Si ritrovarono sotto l'ombra di una lunga imbarcazione a vela dalla linea elegante. Lo scafo era ancora fresco di pittura: la boma rifletteva a tratti i raggi del sole. Si sentiva odore di mordente, probabilmente passato da poco sul legno fresco. L'ivoriano le fece segno di avvicinarsi. Teneva il bambino per le spalle, adeso al suo corpo e la pistola dritta verso Yatima.

«C'è un bancomat dentro, il codice è nel foglio, ci sono tutti: puoi controllare se vuoi» Si impose di tenere la voce ferma. Sperava tanto che Dariusz si fidasse, che non la ritenesse capace di mentire, anche se si sentiva rodere nell'anima dalla paura.

«Gettali a terra verso di me.»

Yatima fece quanto richiesto. «Adesso lascia andare mio figlio!»

Il viso di Dariusz si tinse di un sorriso maligno che ormai conosceva fin troppo bene. L'uomo sputò sulla lettera con sdegno. «Non me ne faccio nulla dei tuoi spiccioli, ormai, i termini dello scambio sono cambiati: se vuoi che tuo figlio viva, dovrai venire con me in Costa d'Avorio, sposarmi senza dire mezza parola di questa storia».

Gli occhi di Yatima si coprirono di lacrime: si sentiva beffata, spezzata, distrutta. Aveva fatto di tutto per arrivare ad avere quei soldi, aveva dormito in macchina per settimane e ora capiva di non aver mai avuto una vera possibilità: ora sapeva di aver condannato a morte Antonio, mandandolo a consegnare quei soldi.

«Non puoi chiedermi questo!» Yatima sussurrò in lacrime prima di franare a terra.

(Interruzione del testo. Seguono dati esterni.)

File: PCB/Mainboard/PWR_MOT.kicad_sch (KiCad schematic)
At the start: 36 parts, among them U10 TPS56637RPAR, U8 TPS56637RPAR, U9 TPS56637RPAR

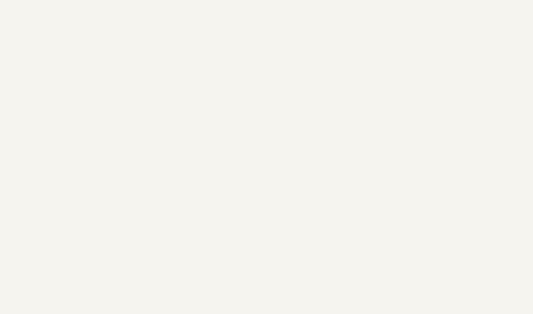
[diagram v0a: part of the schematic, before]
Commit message: Added setup, read and get Command
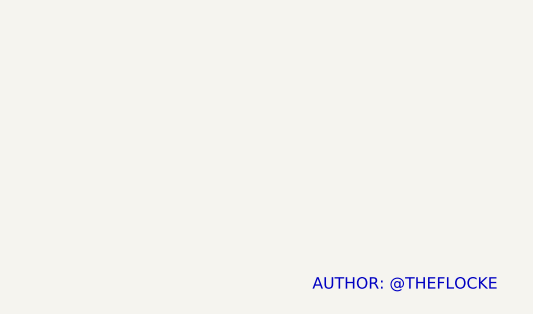
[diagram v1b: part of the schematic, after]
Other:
- note added: "AUTHOR: @THEFLOCKE"
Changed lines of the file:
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@@
 	(generator_version "9.0")
 	(paper "A4")
+	(text "AUTHOR: @THEFLOCKE"
+		(exclude_from_sim no)
+		(at 249.936 196.596 0)
+		(effects
+			(font
+				(face "KiCad Font")
+				(size 1.27 1.27)
+				(color 194 0 194 1)
+			)
+		)
+	)
 	(text "5V 6A"
 		(exclude_from_sim no)
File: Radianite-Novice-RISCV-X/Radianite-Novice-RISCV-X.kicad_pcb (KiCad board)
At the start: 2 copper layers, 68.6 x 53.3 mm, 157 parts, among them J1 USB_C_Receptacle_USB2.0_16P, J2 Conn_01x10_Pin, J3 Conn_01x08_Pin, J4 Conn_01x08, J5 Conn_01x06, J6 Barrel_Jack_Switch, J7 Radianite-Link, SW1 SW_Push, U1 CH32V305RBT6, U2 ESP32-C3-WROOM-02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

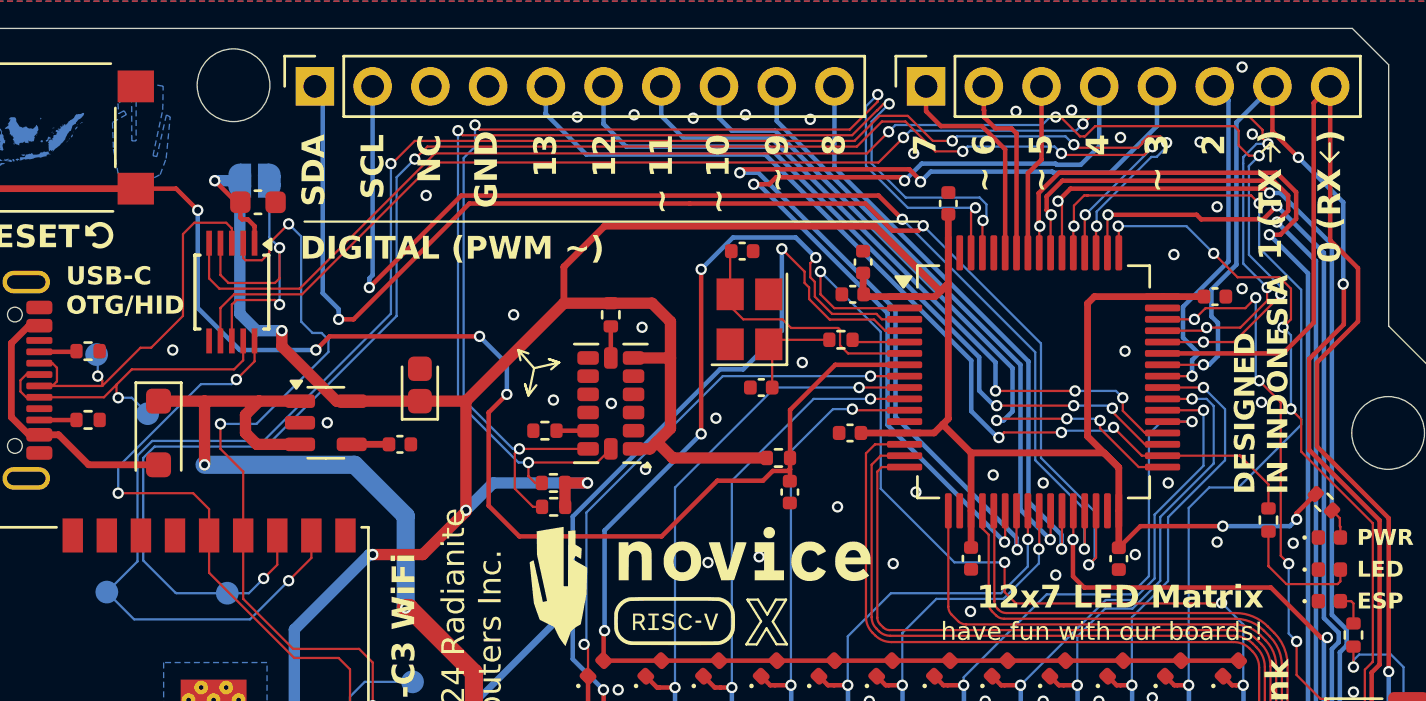
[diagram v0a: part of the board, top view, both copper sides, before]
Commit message: fixed some data lines not abiding by the clearance (make it close)
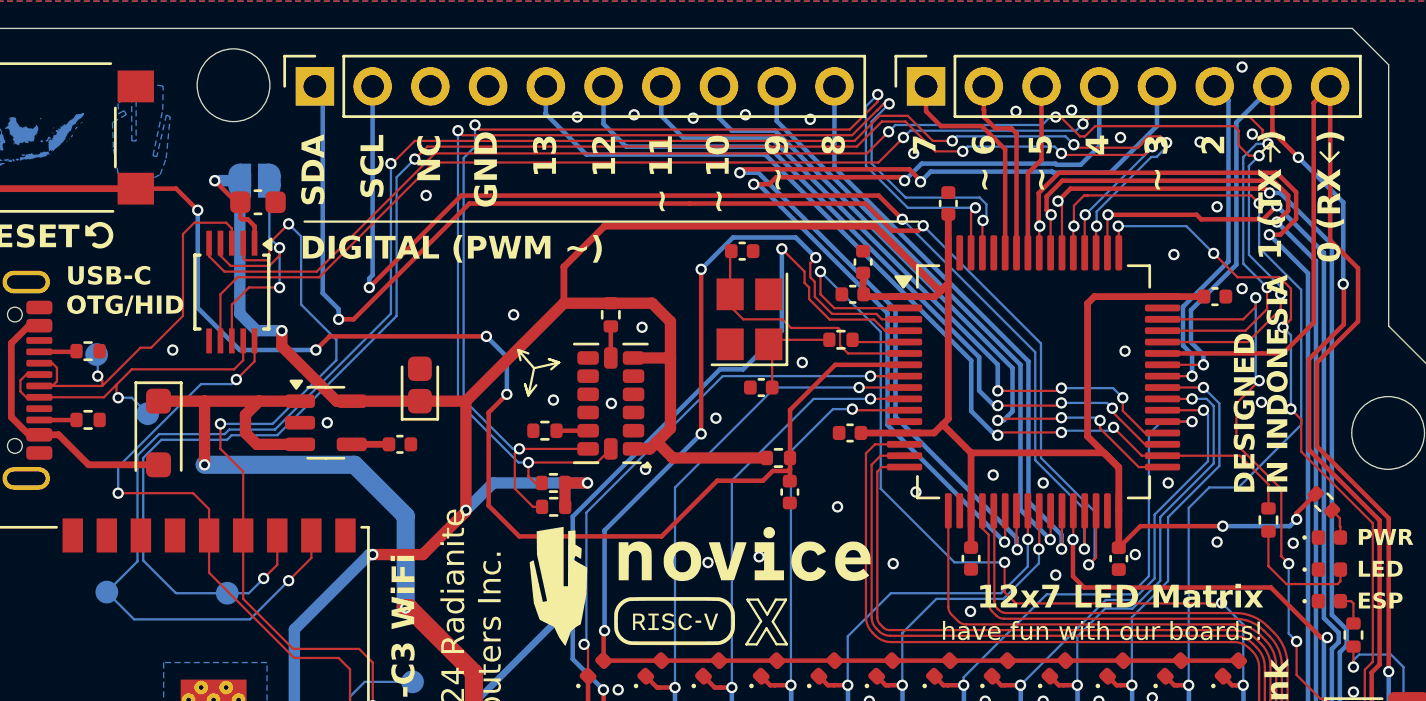
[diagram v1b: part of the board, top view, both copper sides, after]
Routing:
- net Net-(JP1-A): track 15.1 -> 12.8 mm
- net /PROG_DIO: track 31.5 -> 32.6 mm, vias 5 -> 4
- net /RV_DM: track 65.5 -> 64.7 mm, vias 5 -> 4
- net /ESP_DM: track 34.7 -> 35.3 mm
- net /RV_DP: track 65.0 -> 65.5 mm, vias 5 -> 4
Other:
- copper layers 2 -> 11

«Tuo padre mi ha promesso la tua mano, tu non puoi andare contro la sua volontà. Tu sei già mia, sei sempre stata mia, fin da quando hai preso l'aereo privato del console per venire in Italia!» disse indignato Dariusz.

«Mio padre era disperato: era coperto di debiti e stava per perdere anche la bancarella del mercato. Tu ti sei approfittato di lui, della nostra povertà! Lui mi ha chiesto perdono, sai. Ma tu proprio non riesce a capire? Io ti odio!» Yatima lo osservava terrorizzata, stesa in mezzo alla sabbia. Quell'urlo rimbombò tra le barche e si perse nel vento. Era bella anche così, in lacrime, disperata, con gli occhi rossi e il petto sussultante di angoscia e di rabbia, una vera leonessa, fino alla fine, ma Dariusz ormai non aveva più paura di usare la frusta con lei.